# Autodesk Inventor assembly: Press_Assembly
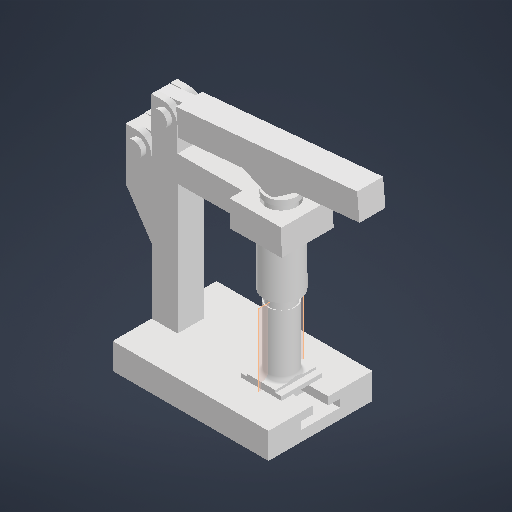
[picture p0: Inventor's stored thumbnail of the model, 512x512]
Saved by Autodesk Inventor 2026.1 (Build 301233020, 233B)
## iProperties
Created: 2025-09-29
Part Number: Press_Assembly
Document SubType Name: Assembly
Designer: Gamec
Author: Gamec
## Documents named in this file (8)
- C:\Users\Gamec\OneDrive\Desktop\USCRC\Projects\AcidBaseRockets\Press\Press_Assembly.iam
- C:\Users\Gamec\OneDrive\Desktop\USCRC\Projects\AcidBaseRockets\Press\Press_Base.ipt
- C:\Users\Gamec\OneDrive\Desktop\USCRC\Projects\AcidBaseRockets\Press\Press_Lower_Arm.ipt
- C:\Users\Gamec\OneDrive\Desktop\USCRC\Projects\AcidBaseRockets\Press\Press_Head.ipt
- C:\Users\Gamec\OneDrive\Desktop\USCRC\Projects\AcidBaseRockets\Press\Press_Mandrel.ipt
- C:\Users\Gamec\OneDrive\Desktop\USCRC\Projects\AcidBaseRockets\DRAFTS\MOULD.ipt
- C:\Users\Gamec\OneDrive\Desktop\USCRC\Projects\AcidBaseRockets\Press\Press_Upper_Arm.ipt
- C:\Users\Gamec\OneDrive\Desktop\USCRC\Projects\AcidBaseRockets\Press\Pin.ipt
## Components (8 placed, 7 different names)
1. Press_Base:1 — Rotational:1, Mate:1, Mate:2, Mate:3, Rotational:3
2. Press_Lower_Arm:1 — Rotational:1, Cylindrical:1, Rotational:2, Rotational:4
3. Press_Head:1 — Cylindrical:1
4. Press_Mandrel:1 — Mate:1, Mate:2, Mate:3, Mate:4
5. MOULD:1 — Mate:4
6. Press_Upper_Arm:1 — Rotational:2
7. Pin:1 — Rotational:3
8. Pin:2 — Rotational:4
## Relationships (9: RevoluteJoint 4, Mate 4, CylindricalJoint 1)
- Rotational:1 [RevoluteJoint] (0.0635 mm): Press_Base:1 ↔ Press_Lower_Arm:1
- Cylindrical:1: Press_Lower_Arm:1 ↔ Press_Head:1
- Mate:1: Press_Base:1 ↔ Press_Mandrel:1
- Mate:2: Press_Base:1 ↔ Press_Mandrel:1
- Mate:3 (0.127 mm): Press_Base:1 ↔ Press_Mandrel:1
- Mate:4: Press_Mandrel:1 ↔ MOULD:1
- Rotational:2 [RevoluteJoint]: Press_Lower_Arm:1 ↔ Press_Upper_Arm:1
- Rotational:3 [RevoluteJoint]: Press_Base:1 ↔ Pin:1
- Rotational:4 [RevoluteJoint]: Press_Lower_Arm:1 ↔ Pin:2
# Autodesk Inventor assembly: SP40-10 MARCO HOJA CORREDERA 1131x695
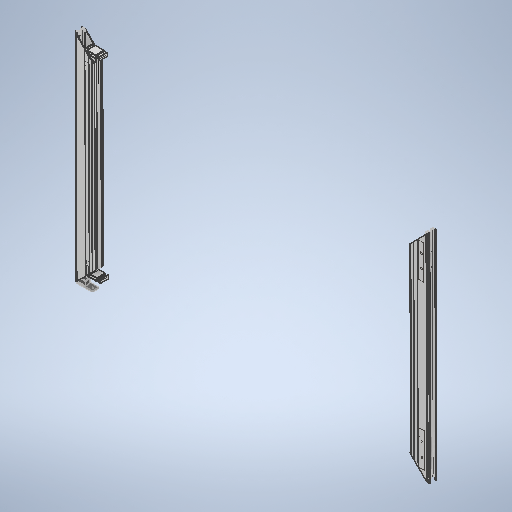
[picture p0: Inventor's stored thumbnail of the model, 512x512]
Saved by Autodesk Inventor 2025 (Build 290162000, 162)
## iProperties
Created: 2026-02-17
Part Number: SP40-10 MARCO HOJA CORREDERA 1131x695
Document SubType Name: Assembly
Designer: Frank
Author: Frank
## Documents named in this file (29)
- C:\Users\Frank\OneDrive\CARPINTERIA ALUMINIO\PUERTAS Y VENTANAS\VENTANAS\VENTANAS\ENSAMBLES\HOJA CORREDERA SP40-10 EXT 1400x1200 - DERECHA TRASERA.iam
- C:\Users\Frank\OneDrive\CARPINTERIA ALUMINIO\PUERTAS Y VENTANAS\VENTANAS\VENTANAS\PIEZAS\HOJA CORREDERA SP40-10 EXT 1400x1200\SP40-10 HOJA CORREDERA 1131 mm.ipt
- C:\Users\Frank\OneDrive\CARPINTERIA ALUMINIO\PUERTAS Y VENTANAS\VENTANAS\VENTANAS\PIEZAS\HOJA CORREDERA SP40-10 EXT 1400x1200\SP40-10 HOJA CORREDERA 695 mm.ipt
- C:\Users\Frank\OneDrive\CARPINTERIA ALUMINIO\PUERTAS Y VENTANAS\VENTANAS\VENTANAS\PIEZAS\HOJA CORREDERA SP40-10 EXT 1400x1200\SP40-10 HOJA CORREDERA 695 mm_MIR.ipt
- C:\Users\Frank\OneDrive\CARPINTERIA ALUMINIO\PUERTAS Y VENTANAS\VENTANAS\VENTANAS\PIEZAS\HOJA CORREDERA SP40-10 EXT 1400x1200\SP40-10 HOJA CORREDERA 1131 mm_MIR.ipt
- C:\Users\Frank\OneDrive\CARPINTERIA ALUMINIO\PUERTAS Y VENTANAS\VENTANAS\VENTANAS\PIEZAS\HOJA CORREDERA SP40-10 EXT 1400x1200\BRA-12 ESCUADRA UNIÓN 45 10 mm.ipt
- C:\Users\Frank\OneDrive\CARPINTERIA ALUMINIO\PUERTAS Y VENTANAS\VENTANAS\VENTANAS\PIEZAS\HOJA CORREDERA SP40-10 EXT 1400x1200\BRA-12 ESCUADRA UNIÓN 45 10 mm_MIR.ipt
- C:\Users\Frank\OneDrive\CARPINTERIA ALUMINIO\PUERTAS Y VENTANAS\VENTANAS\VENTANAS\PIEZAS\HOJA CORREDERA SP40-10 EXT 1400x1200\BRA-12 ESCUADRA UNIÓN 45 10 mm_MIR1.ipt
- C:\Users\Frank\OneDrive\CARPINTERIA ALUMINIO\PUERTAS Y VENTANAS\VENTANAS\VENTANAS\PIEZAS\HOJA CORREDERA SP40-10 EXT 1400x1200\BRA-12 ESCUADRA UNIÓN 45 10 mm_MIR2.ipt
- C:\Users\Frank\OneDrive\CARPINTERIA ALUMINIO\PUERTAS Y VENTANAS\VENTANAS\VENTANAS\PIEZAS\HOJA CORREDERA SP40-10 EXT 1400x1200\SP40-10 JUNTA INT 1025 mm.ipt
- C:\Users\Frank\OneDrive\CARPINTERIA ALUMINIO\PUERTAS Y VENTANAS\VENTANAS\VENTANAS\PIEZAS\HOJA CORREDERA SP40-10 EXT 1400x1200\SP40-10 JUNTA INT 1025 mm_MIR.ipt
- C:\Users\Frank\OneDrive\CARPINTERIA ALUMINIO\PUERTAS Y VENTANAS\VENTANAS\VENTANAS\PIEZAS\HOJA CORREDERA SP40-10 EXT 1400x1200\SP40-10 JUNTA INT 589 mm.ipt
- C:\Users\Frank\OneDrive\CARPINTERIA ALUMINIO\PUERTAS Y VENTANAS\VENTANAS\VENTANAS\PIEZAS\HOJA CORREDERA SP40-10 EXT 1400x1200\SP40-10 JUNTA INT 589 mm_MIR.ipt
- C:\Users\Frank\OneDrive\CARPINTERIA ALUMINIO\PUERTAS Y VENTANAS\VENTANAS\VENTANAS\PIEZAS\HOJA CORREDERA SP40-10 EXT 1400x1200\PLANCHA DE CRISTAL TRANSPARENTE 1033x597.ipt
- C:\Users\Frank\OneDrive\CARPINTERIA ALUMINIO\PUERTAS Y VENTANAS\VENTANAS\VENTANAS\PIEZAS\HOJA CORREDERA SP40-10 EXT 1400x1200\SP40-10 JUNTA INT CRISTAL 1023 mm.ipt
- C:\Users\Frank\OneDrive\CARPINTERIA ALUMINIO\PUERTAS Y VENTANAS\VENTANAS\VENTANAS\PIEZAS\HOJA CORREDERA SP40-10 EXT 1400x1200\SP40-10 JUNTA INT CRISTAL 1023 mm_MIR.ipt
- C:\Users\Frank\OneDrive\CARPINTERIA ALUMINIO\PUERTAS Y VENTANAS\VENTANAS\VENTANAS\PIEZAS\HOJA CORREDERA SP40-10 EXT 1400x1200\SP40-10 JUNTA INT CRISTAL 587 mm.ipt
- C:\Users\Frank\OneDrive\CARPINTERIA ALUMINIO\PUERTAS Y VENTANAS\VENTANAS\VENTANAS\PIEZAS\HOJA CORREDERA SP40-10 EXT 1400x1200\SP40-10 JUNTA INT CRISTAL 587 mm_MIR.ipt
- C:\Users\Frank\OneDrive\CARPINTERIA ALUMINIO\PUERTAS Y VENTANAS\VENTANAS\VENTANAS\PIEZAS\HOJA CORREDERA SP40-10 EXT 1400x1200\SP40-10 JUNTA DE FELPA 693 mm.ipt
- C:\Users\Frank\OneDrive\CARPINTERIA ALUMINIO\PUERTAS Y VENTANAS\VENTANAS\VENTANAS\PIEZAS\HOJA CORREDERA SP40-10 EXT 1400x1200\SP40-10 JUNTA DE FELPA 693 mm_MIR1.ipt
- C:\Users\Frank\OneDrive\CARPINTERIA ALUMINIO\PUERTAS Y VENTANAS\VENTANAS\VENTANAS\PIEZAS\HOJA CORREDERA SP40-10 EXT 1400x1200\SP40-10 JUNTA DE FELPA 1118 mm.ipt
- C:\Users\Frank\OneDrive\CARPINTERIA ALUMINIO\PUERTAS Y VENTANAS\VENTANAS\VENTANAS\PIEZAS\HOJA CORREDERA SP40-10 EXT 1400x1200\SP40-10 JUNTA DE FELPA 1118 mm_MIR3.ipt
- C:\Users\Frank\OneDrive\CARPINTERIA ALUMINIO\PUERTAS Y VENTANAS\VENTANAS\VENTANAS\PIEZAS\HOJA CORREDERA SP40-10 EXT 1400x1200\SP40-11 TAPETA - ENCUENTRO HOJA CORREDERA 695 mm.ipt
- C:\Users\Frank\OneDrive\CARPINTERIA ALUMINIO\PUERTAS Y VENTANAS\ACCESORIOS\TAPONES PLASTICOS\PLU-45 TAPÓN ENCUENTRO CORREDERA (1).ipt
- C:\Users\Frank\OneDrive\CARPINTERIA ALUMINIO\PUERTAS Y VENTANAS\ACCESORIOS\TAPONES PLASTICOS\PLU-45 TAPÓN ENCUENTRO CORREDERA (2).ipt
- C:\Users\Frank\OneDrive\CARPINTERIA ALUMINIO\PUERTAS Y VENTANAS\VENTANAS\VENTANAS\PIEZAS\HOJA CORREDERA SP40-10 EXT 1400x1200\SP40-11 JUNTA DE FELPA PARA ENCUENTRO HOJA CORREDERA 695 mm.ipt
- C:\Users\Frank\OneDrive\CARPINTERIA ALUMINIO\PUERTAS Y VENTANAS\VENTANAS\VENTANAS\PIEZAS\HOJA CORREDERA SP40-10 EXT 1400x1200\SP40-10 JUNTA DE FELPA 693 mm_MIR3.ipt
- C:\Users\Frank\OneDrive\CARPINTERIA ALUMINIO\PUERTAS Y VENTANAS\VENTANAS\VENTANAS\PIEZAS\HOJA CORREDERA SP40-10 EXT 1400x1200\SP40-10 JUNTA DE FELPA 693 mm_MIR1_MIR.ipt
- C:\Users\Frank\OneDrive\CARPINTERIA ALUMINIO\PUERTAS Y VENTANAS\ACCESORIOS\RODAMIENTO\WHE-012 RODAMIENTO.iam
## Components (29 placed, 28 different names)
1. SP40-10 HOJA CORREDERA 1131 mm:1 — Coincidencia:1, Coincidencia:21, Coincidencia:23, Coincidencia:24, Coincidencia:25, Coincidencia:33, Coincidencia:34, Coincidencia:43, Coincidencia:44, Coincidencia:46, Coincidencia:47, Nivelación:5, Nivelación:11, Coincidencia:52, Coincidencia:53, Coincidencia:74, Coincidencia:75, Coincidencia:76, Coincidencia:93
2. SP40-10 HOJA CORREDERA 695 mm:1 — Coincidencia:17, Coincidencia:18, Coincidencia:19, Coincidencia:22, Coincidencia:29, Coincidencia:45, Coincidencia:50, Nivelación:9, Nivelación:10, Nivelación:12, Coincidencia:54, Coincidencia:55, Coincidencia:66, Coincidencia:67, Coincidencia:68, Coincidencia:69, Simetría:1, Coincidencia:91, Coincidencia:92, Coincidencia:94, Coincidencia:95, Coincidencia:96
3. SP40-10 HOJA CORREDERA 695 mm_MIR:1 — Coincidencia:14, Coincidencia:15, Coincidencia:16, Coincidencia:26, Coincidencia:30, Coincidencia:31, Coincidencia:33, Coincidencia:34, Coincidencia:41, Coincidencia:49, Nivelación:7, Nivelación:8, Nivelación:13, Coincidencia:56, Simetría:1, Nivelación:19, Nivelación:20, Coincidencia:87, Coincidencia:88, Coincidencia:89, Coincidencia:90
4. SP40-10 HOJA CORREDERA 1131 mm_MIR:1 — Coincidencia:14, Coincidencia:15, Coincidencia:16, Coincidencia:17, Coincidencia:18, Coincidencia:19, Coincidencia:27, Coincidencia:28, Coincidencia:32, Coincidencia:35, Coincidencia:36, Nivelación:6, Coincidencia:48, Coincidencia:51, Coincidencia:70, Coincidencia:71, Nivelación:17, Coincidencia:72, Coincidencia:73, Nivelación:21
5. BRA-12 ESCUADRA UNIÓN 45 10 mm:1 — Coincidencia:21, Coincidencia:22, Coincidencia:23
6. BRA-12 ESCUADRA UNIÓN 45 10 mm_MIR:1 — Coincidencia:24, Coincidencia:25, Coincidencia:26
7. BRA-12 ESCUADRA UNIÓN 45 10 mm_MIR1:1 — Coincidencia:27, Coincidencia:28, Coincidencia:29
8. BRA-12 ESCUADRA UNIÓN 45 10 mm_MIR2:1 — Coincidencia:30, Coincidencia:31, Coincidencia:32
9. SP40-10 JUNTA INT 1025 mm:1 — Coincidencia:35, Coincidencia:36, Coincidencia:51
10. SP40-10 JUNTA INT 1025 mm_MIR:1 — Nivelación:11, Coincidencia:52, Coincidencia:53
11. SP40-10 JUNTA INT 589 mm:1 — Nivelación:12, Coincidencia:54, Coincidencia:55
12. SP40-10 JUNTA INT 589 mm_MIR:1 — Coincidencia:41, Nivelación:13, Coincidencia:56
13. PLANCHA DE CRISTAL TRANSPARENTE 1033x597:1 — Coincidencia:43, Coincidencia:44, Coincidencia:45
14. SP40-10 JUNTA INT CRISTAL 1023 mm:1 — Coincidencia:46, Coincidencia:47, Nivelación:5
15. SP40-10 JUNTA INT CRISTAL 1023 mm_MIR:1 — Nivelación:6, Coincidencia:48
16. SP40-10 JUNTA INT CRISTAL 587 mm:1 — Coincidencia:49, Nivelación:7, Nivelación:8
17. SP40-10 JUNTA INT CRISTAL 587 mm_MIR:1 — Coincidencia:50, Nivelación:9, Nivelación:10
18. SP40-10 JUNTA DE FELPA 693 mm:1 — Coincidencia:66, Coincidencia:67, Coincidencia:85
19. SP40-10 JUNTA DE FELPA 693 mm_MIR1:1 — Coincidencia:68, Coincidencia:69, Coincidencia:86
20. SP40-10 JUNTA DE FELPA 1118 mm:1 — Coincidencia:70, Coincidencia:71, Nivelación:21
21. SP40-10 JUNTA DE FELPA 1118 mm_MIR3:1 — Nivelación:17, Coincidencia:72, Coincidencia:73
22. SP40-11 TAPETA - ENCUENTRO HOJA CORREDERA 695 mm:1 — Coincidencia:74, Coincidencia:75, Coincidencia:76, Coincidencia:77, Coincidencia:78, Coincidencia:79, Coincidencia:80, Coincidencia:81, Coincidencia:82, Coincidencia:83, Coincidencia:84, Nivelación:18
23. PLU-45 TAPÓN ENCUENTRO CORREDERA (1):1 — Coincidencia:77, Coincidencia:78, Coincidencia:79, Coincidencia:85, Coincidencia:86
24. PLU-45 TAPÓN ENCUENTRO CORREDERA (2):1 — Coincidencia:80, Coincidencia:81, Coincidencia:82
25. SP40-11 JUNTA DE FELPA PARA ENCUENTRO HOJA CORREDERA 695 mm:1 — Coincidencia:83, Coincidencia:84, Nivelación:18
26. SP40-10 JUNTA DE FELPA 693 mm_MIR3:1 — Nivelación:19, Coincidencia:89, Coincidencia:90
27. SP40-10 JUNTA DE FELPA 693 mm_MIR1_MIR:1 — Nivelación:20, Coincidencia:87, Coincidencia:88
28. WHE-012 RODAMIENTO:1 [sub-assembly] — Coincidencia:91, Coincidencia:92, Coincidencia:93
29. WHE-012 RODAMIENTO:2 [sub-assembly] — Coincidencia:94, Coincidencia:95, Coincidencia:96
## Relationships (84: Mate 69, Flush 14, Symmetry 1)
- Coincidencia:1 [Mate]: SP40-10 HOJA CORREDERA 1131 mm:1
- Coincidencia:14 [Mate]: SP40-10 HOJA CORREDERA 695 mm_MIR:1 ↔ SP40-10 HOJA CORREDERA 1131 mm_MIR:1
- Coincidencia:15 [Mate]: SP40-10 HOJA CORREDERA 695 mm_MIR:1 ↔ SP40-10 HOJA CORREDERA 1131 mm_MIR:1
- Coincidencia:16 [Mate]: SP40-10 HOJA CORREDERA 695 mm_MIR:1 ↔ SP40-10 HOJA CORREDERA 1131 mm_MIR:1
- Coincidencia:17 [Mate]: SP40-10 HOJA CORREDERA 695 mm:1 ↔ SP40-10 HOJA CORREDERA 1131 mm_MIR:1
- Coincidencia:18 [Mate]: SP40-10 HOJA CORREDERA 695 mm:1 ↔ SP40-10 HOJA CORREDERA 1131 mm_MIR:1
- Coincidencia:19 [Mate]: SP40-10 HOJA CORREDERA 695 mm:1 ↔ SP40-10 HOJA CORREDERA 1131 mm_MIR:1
++++++++
Your goal –
Extract from the records above the lines from the one containing "CRISTAL 587 mm.ipt" to the one containing "FELPA 693 mm_MIR1.ipt", both lines included, exactly as they appear and with nothing else.

Answer to the problem –
- C:\Users\Frank\OneDrive\CARPINTERIA ALUMINIO\PUERTAS Y VENTANAS\VENTANAS\VENTANAS\PIEZAS\HOJA CORREDERA SP40-10 EXT 1400x1200\SP40-10 JUNTA INT CRISTAL 587 mm.ipt
- C:\Users\Frank\OneDrive\CARPINTERIA ALUMINIO\PUERTAS Y VENTANAS\VENTANAS\VENTANAS\PIEZAS\HOJA CORREDERA SP40-10 EXT 1400x1200\SP40-10 JUNTA INT CRISTAL 587 mm_MIR.ipt
- C:\Users\Frank\OneDrive\CARPINTERIA ALUMINIO\PUERTAS Y VENTANAS\VENTANAS\VENTANAS\PIEZAS\HOJA CORREDERA SP40-10 EXT 1400x1200\SP40-10 JUNTA DE FELPA 693 mm.ipt
- C:\Users\Frank\OneDrive\CARPINTERIA ALUMINIO\PUERTAS Y VENTANAS\VENTANAS\VENTANAS\PIEZAS\HOJA CORREDERA SP40-10 EXT 1400x1200\SP40-10 JUNTA DE FELPA 693 mm_MIR1.ipt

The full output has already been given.